* What you will do
Print exactly what the entries say, line by line, from the first line down to the one with "#9186 = VERTEX_POINT ( 'NONE', #18519 ) ;", inclusive.

Dataset items

-*-

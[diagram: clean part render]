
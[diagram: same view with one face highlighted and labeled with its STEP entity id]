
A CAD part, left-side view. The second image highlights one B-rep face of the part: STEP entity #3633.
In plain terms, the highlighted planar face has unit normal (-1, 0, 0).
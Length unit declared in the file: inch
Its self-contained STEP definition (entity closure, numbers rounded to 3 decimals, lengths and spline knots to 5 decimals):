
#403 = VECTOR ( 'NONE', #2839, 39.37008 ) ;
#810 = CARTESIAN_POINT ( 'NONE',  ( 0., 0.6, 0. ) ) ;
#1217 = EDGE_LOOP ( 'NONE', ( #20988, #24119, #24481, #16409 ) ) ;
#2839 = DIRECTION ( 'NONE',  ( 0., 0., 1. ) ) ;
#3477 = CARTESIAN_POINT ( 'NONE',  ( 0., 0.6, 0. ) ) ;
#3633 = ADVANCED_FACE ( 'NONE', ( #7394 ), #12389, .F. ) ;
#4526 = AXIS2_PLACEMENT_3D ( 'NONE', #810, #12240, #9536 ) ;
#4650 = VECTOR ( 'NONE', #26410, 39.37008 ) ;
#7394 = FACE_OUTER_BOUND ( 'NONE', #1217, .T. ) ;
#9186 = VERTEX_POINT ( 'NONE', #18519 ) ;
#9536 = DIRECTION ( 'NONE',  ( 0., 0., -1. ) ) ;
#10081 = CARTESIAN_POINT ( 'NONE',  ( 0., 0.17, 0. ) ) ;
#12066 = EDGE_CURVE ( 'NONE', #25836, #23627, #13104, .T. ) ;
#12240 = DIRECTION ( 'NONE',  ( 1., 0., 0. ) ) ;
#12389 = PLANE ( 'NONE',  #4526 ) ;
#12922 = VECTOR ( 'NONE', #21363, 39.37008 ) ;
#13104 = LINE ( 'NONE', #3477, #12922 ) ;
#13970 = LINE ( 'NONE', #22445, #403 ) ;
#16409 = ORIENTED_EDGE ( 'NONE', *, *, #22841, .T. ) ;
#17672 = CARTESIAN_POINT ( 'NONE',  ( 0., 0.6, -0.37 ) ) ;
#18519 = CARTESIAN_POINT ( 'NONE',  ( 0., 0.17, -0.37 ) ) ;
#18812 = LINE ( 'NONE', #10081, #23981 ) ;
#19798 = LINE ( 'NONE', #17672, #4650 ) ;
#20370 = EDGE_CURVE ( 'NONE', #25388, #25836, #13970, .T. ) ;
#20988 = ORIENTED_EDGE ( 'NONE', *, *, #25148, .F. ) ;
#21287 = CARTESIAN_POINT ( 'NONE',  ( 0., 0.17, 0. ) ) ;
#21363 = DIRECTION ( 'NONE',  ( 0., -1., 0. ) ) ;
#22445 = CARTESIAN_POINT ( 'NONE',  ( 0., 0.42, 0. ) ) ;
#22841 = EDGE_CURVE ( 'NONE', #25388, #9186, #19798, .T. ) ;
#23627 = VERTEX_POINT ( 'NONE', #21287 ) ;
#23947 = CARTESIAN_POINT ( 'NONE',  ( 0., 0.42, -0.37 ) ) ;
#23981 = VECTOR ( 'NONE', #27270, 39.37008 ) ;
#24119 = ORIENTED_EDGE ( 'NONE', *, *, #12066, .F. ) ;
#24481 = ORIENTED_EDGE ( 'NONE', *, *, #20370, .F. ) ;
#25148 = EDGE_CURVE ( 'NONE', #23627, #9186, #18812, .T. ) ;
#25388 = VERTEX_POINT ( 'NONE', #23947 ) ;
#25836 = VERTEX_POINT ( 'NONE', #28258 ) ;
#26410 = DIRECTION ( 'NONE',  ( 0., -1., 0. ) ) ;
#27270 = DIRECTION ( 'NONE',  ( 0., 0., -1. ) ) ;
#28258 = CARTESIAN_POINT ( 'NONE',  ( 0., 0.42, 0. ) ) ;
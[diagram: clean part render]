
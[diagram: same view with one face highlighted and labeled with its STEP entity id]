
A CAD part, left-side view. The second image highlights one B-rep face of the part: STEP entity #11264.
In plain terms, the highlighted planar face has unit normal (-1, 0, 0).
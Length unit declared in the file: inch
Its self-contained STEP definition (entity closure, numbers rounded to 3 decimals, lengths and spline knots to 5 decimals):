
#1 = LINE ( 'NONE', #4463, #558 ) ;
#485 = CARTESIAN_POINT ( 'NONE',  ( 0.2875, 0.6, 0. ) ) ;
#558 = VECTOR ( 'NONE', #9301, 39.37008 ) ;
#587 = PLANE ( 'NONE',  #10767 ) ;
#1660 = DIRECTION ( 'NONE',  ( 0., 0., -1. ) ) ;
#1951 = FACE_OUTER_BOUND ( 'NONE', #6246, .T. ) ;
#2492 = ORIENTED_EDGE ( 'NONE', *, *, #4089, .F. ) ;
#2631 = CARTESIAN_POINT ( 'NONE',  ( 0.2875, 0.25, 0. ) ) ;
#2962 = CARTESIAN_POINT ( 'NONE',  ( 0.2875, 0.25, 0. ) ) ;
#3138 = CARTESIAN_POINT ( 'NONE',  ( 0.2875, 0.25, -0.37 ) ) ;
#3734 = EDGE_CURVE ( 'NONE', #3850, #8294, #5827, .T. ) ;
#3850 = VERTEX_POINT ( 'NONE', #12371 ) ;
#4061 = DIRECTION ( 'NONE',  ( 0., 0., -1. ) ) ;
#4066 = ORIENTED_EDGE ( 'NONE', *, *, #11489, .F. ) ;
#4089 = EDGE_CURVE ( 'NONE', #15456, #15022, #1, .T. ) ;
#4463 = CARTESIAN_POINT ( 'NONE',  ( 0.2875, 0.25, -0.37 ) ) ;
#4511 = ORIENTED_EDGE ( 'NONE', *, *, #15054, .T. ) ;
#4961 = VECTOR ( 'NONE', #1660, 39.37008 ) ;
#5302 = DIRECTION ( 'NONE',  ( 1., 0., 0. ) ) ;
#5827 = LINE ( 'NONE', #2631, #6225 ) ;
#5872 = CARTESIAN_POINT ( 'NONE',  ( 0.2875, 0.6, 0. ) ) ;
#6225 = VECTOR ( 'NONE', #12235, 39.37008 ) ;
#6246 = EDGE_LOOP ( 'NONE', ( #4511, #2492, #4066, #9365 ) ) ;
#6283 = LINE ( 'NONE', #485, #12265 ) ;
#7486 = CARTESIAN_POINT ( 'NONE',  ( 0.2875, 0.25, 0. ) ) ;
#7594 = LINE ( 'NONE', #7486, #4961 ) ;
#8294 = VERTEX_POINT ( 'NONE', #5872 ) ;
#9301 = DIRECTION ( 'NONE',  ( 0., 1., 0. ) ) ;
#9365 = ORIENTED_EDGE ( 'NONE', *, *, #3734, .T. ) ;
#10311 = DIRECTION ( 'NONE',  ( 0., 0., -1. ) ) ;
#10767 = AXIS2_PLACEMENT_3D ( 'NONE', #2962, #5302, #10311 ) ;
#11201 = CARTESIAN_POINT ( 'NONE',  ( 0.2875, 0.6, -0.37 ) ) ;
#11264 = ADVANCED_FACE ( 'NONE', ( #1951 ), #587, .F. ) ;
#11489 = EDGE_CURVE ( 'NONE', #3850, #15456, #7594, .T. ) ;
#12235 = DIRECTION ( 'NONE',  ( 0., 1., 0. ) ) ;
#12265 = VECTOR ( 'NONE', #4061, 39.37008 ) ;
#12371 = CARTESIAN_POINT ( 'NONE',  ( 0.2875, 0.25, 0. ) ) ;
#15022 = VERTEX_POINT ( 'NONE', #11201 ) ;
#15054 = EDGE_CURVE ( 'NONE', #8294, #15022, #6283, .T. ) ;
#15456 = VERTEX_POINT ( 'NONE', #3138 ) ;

-*-

* Finished exercise
[diagram: clean part render]
[diagram: same view with one face highlighted and labeled with its STEP entity id]
A CAD part, left-side view. The second image highlights one B-rep face of the part: STEP entity #3633.
In plain terms, the highlighted planar face has unit normal (-1, 0, 0).
Length unit declared in the file: inch
Its self-contained STEP definition (entity closure, numbers rounded to 3 decimals, lengths and spline knots to 5 decimals):
#403 = VECTOR ( 'NONE', #2839, 39.37008 ) ;
#810 = CARTESIAN_POINT ( 'NONE',  ( 0., 0.6, 0. ) ) ;
#1217 = EDGE_LOOP ( 'NONE', ( #20988, #24119, #24481, #16409 ) ) ;
#2839 = DIRECTION ( 'NONE',  ( 0., 0., 1. ) ) ;
#3477 = CARTESIAN_POINT ( 'NONE',  ( 0., 0.6, 0. ) ) ;
#3633 = ADVANCED_FACE ( 'NONE', ( #7394 ), #12389, .F. ) ;
#4526 = AXIS2_PLACEMENT_3D ( 'NONE', #810, #12240, #9536 ) ;
#4650 = VECTOR ( 'NONE', #26410, 39.37008 ) ;
#7394 = FACE_OUTER_BOUND ( 'NONE', #1217, .T. ) ;
#9186 = VERTEX_POINT ( 'NONE', #18519 ) ;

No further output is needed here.